Chengdu/Bangkok, — A Thai surgeon sitting in Chengdu has removed a patient’s gallbladder in Bangkok using a Chinese-developed robotic system, marking the first cross-border telesurgery between China and Thailand and opening a new channel for medical cooperation.
Why Remote Surgery Was Needed
The patient, a 51-year-old Thai woman, had been suffering from persistent right upper abdominal pain caused by gallstones. Her case was complicated by hypertension, diabetes, and high cholesterol, which made conventional laparoscopic surgery riskier. Flying a Chinese specialist to Thailand would have been time-consuming, expensive, and might have delayed treatment.
At the same time, West China Hospital of Sichuan University and Thailand’s Nopparat Rajathanee Hospital were deepening their collaboration under the Belt and Road medical cooperation framework.

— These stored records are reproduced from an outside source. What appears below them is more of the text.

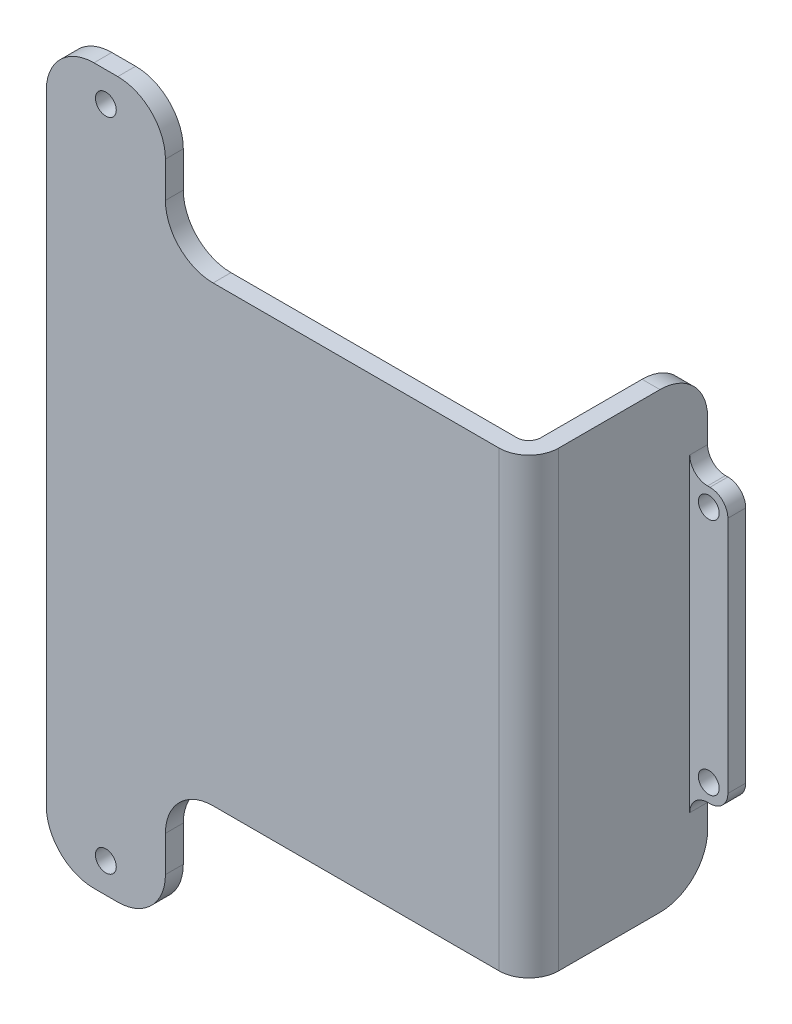
SolidWorks part; units mm, degrees
ref_plane "Plan de face" through (0, 0, 0) normal (0, 0, 1) x (1, 0, 0)
ref_plane "Plan de dessus" through (0, 0, 0) normal (0, 1, 0) x (1, 0, 0)
ref_plane "Plan de droite" through (0, 0, 0) normal (1, 0, 0) x (0, 0, -1)
sketch "Esquisse1" plane through (0, 0, 0) normal (0, 0, 1) x (1, 0, 0)
  line L0 (36.9, 23) -> (30.5, 23)
  line L1 (-30.5, 38) -> (30.5, 38)
  line L2 (-30.5, 38) -> (-30.5, -38)
  line L3 (-30.5, -38) -> (30.5, -38)
  line L4 (30.5, 38) -> (30.5, -38)
  line L5 (-50.5, 60) -> (-50.5, -60)
  line L6 (-50.5, 60) -> (-30.5, 60)
  line L7 (-30.5, 60) -> (-30.5, 38)
  line L8 (36.9, 23) -> (36.9, -23)
  line L9 (-50.5, -60) -> (-30.5, -60)
  line L10 (-30.5, -60) -> (-30.5, -38)
  line L11 (36.9, -23) -> (30.5, -23)
  line L12 (0, 0) -> (30.5, 0) construction
  line L13 (27.5, 38) -> (27.5, -38)
  line L14 (33.7, 20) -> (33.7, 23) construction
  line L15 (30.5, 23) -> (27.5, 23) construction
  circle A1 centre (-40.5, -55) radius 1.75
  circle A3 centre (33.7, 20) radius 1.75
  circle A4 centre (33.7, -20) radius 1.75
  circle A5 centre (-40.5, 55) radius 1.75
  point P4 (0, 38)
  point P6 (-30.5, 0)
  point P20 (33.7, 23)
  point P21 (-50.5, 0)
  point P24 (-40.5, -60)
  point P25 (36.9, 0)
  dimension "D5" = 110
  dimension "D4" = 3.5
  dimension "D1" = 61
  dimension "D2" = 20
  dimension "D3" = 6.4
  dimension "D6" = 40
  dimension "D7" = 5
  dimension "D8" = 76
  dimension "D10" = 3
extrude "Boss.-Extru.1" add sketch "Esquisse1" along normal blind 3 contours L9 L10 L2 L7 L6 L5 A1 A5 | L4 L1 L2 L3 | L13 L1 L2 L3 region at (29, 0, 0) region at (-1.5, 0, 0) region at (-40.5, 0, 0)
extrude "Boss.-Extru.2" add sketch "Esquisse1<3>" against normal blind 27 contours L1 L13 L3 L4 | L11 L8 L0 L4 A3 A4 region at (33.7, 0, 0) region at (29, 0, 0)
sketch "Esquisse1<3>" plane through (0, 0, 0) normal (0, 0, 1) x (1, 0, 0) same geometry as "Esquisse1"
extrude "Enlèv. mat.-Extru.1" cut sketch "Esquisse1<4>" against normal blind 24 contours L11 L8 L0 L4 A3 A4 region at (33.7, 0, 0)
sketch "Esquisse1<4>" plane through (0, 0, 0) normal (0, 0, 1) x (1, 0, 0) same geometry as "Esquisse1"
fillet "Congé1" radius 8 8 edges at (-30.5, 38, 1.5) (-30.5, 60, 1.5) (-50.5, 60, 1.5) (-30.5, -38, 1.5) (-50.5, -60, 1.5) (-30.5, -60, 1.5) (29, 38, -27) (29, -38, -27)
fillet "Congé2" radius 3 4 edges at (30.5, 23, -25.5) (36.9, 23, -25.5) (36.9, -23, -25.5) (30.5, -23, -25.5)
fillet "Congé3" radius 2 1 edges at (27.5, 0, 0)
fillet "Congé4" radius 5 1 edges at (30.5, 0, 3)
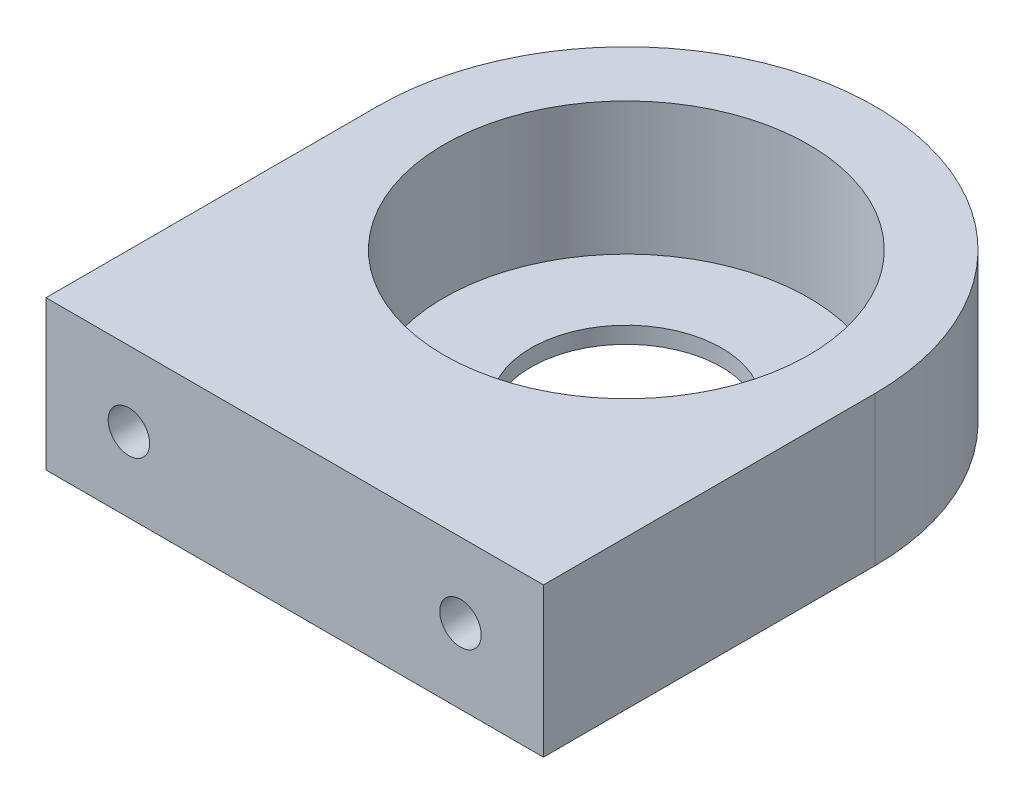
SolidWorks part; units mm, degrees
ref_plane "Front Plane" through (0, 0, 0) normal (0, 0, 1) x (1, 0, 0)
ref_plane "Top Plane" through (0, 0, 0) normal (0, 1, 0) x (1, 0, 0)
ref_plane "Right Plane" through (0, 0, 0) normal (1, 0, 0) x (0, 0, -1)
sketch "Sketch1" plane through (0, 0, 0) normal (0, 1, 0) x (1, 0, 0)
  line L0 (30, 0) -> (0, 0)
  line L1 (0, 0) -> (0, 20)
  line L2 (30, 0) -> (30, 20)
  arc A0 (30, 20) -> (0, 20) centre (15, 20) ccw
  circle A1 centre (15, 20) radius 11
  circle A2 centre (15, 20) radius 5.75
  dimension "D1" = 30
  dimension "D3" = 22
  dimension "D4" = 11.5
  dimension "D2" = 20
extrude "Boss-Extrude1" add sketch "Sketch1" along normal blind 9 contours L2 A0 L1 L0 A1 | A1 A2 region at (15, 0, -0.461) region at (4.3111, 0, -20)
sketch "Sketch2" plane through (0, 9, 0) normal (0, 1, 0) x (1, 0, 0)
  circle A0 centre (15, 20) radius 11
  circle A1 centre (15, 20) radius 5.75 construction
  dimension "D1" = 22
extrude "Cut-Extrude1" cut sketch "Sketch2" against normal blind 8
sketch "Sketch8" plane through (0, 0, 0) normal (0, 0, 1) x (1, 0, 0)
  line L0 (15, 9) -> (15, 0) construction
  line L1 (30, 9) -> (0, 9) construction
  line L2 (30, 0) -> (0, 0) construction
  line L3 (15, 0) -> (15, 4.5) construction
  line L5 (0, 9) -> (0, 0) construction
  line L7 (30, 9) -> (30, 0) construction
  line L8 (5, 4.5) -> (0, 4.5) construction
  line L9 (5, 4.5) -> (0, 4.5) construction
  line L10 (25, 4.5) -> (30, 4.5) construction
  circle A0 centre (25, 4.5) radius 1.25
  circle A1 centre (5, 4.5) radius 1.25
  dimension "D1" = 2.5
  dimension "D2" = 2.5
  dimension "D3" = 20
extrude "Cut-Extrude2" cut sketch "Sketch8" against normal blind 10

After a joint assessment, the two teams chose the Toumai® laparoscopic surgical robot for a remote procedure, sparing the patient a cross-border trip while allowing specialists from both countries to work together.
The Toumai® system, developed by Shanghai MicroPort MedBot Group, had already received clearance from the Thai Food and Drug Administration for remote surgery. It is currently used by four top-tier Thai hospitals, and nearly 50 Thai surgeons have completed training and obtained operating permits in China — a foundation that made this transnational operation possible.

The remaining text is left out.